Compute Graph Declaration Protocol

AUTHOR FlexHEG CREATED 2024-11-27

verificationlogging

The Idea

To verify that declared workloads match actual workloads, developers make claims about the operations their code performs, which the Guarantee Processor verifies. These claims form a “compute graph”—a DAG of atomic operations (matrix multiplications, data transfers) on memory blocks.

Two modes:

Static declaration: Complete workload description upfront, verify execution matches
Dynamic declaration: Declare each operation as it executes, build graph incrementally

Dynamic declaration handles data-dependent control flow (like Mixture-of-Experts routing) that can’t be described statically.

Why It Matters

The gap between “what code was loaded” (attestation) and “what computation actually happened” is where violations hide. A verified compute graph closes this gap: you know not just that TensorFlow was running, but that it executed specific operations on specific data, producing specific outputs.

Atomic Operations

Accelerator workloads are composed of a limited set of operations:

Category	Examples
Tensor math	MatMul, Conv, Attention, Softmax
Element-wise	Add, ReLU, GELU, LayerNorm
Data movement	Copy, Transpose, Gather, Scatter
Reduction	Sum, Mean, Max
Communication	AllReduce, AllGather, Send, Recv

Each operation: (input_blocks, operation_type, parameters) → output_blocks

Verification Methods

Data Source	Verification Approach
Network I/O	Direct observation by Interlock
Local computation	Random recomputation of output samples via DMA
Memory state	Periodic snapshots, hash and store
Kernel execution	Parse kernel code (if accelerator trusted to execute as written)

Scaling Challenge

Per-accelerator logging is ~10KB/s (10 kernels/sec × 1KB/kernel). But for a 100K accelerator cluster, the global compute graph grows at 1GB/s—exceeds SSD write speeds and fills RAM instantly.

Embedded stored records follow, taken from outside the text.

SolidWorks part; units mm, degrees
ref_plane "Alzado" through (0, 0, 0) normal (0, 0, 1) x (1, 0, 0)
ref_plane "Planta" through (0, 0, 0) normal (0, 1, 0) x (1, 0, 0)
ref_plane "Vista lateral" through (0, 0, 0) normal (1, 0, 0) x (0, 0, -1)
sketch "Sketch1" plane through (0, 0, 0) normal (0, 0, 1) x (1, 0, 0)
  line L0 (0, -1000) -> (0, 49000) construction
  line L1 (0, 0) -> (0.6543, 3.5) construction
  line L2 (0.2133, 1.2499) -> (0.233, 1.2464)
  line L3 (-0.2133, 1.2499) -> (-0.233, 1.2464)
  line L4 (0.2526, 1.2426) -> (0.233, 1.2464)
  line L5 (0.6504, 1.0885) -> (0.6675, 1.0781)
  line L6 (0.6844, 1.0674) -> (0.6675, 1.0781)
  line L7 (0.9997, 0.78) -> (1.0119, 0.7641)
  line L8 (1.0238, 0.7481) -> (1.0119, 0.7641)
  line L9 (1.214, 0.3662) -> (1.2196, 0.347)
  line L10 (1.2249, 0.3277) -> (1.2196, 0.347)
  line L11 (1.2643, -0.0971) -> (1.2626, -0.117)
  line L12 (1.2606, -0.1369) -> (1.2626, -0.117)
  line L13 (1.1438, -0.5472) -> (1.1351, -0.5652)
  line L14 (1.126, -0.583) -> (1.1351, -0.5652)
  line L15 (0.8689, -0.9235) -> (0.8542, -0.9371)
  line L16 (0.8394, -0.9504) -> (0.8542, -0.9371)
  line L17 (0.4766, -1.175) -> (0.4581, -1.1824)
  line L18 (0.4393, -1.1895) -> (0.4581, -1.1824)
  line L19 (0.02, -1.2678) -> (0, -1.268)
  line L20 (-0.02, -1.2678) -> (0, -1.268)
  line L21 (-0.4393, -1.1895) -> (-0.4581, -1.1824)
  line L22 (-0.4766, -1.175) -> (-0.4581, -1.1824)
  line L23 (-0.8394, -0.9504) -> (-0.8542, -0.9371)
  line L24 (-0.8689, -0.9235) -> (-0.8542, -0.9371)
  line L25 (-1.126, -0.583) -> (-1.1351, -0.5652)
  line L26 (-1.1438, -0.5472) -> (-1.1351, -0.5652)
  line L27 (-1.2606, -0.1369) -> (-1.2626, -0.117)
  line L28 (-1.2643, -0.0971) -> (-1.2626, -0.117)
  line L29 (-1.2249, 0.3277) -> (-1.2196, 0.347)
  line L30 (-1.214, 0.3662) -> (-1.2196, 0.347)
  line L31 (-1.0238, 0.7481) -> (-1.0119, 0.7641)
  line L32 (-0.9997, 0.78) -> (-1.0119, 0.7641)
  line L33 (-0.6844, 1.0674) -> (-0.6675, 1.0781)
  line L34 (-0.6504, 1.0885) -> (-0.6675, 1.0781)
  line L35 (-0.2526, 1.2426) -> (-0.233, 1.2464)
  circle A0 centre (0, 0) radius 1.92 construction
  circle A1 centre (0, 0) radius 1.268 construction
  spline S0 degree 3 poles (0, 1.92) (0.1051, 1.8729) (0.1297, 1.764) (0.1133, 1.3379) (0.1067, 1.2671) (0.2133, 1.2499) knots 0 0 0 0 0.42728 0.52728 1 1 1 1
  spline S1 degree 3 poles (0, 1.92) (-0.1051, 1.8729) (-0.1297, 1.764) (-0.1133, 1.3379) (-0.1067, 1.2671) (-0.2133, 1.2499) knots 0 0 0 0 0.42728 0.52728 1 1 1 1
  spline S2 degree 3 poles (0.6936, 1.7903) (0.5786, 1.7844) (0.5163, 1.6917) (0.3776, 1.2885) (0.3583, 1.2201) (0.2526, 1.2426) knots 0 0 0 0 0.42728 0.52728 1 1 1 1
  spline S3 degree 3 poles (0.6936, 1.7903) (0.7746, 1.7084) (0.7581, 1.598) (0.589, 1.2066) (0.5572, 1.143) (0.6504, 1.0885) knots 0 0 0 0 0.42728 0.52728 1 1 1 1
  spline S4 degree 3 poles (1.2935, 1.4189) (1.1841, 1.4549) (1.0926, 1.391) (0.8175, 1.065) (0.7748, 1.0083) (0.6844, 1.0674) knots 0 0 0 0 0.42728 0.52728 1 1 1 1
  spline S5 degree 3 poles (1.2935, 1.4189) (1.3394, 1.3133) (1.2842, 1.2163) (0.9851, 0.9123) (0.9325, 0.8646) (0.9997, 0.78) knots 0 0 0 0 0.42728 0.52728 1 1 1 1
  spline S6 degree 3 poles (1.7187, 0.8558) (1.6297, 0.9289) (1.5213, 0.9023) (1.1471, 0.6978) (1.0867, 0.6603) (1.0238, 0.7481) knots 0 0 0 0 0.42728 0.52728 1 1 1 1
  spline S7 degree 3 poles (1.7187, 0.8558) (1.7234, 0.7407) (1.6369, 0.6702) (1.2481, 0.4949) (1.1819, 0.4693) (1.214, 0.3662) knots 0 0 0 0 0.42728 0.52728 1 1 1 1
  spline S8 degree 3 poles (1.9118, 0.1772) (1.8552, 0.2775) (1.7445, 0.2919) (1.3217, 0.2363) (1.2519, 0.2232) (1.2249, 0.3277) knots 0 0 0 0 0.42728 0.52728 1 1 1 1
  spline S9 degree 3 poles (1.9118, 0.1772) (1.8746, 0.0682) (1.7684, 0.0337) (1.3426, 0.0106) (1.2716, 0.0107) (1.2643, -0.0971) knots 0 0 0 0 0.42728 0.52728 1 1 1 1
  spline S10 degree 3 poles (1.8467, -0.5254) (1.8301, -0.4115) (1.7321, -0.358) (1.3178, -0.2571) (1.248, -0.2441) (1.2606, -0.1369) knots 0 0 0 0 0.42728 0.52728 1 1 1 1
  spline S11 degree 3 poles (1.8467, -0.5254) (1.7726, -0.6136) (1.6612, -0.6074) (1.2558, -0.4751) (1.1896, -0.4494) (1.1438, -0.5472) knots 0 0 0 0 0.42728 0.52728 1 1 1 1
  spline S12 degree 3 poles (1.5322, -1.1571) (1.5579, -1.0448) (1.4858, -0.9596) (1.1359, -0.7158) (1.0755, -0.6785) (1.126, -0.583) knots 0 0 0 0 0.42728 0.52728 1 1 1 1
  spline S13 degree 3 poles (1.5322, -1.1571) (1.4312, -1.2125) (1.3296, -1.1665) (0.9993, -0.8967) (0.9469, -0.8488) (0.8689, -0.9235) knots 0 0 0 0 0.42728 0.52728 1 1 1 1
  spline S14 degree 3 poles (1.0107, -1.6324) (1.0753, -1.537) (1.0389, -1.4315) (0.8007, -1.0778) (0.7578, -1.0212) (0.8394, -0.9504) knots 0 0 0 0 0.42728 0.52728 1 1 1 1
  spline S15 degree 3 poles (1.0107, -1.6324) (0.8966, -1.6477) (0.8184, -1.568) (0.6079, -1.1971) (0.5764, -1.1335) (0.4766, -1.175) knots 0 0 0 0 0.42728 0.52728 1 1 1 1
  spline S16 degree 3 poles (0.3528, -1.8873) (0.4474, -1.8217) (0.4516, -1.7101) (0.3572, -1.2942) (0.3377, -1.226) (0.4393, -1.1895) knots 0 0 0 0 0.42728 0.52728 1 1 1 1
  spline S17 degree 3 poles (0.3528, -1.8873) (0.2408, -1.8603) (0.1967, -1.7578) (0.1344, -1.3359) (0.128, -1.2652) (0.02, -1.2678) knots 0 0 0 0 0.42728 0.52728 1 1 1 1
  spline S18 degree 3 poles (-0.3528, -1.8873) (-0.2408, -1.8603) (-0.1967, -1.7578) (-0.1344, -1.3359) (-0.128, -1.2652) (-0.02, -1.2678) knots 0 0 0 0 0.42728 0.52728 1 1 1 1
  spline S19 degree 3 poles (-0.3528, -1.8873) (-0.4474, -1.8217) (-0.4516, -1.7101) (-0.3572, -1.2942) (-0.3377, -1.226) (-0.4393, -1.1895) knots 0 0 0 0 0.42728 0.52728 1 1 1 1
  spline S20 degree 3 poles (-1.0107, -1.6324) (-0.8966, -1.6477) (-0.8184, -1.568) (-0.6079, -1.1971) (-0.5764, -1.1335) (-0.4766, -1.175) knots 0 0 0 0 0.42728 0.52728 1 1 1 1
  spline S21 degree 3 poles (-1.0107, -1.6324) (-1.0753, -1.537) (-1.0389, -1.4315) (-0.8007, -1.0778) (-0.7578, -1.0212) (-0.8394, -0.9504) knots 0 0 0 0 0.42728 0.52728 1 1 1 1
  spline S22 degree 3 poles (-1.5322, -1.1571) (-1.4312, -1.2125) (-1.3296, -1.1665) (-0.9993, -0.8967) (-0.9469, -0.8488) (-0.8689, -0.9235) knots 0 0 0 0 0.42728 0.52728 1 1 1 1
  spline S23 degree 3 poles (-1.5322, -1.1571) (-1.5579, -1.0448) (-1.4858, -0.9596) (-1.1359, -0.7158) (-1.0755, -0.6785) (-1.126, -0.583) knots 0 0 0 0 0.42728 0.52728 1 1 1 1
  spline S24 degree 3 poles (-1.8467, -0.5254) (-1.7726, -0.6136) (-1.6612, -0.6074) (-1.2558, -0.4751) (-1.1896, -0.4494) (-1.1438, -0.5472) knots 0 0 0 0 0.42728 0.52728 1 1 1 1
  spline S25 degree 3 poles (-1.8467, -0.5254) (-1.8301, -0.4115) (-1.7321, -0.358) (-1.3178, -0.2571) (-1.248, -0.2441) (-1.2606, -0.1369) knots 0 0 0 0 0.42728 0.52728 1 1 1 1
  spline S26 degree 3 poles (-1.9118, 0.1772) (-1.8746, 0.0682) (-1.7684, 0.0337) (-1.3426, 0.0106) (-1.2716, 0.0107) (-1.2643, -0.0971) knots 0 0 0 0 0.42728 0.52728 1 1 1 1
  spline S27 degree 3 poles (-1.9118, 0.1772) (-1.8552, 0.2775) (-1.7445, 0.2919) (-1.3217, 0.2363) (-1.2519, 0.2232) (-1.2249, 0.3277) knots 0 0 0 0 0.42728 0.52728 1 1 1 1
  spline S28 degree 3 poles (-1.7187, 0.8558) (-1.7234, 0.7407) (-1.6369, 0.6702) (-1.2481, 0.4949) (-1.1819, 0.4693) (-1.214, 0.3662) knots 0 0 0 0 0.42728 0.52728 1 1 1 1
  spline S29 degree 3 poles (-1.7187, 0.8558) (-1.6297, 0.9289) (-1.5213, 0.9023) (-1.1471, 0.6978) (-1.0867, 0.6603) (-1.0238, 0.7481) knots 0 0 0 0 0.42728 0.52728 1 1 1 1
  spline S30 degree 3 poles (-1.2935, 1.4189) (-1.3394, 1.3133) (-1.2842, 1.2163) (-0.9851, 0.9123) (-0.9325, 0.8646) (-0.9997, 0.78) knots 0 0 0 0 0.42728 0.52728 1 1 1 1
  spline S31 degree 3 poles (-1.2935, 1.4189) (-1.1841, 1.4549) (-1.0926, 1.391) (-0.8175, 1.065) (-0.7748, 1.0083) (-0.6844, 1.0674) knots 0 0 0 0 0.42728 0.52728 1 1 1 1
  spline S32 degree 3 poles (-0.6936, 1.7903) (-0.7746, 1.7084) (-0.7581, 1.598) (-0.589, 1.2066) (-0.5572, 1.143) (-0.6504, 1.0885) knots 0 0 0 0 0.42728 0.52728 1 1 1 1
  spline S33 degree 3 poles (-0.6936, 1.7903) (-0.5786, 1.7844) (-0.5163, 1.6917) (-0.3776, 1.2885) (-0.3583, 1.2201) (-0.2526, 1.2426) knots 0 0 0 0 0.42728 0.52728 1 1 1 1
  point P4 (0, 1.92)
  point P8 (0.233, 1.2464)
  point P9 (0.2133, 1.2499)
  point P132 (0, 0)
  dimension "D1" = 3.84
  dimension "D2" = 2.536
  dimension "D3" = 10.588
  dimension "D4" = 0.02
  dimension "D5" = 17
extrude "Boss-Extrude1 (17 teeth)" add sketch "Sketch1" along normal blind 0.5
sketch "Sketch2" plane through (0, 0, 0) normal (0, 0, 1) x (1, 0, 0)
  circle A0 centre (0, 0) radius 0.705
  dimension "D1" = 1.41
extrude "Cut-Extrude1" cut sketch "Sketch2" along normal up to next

Solution: Distributed analysis. Each Guarantee Processor stores local graph + compact summaries of causally connected graphs. Global checks happen periodically (e.g., at checkpointing) rather than continuously.

Static vs Dynamic

Mode	Pros	Cons
Static	Full workload analysis before execution, no runtime overhead	Can’t handle data-dependent control flow (MoE, early exit)
Dynamic	Handles any control flow, logs what actually happened	Higher runtime overhead, more complex verification

Existing Frameworks

Could build on:

PyTorch FX / Dynamo (computation graphs)
JAX (functional transformations)
StableHLO (portable ML operations)
ONNX (interchange format)
CUDA Graphs (GPU execution graphs)

Open Questions

How to handle non-determinism (sampling, dropout, async execution)?
What’s the overhead of dynamic declaration?
Can attackers construct “compliant-looking” graphs that hide violations?
How to verify operations without trusting accelerator internals?
Is Rice’s Theorem a practical limitation for static analysis of guarantees?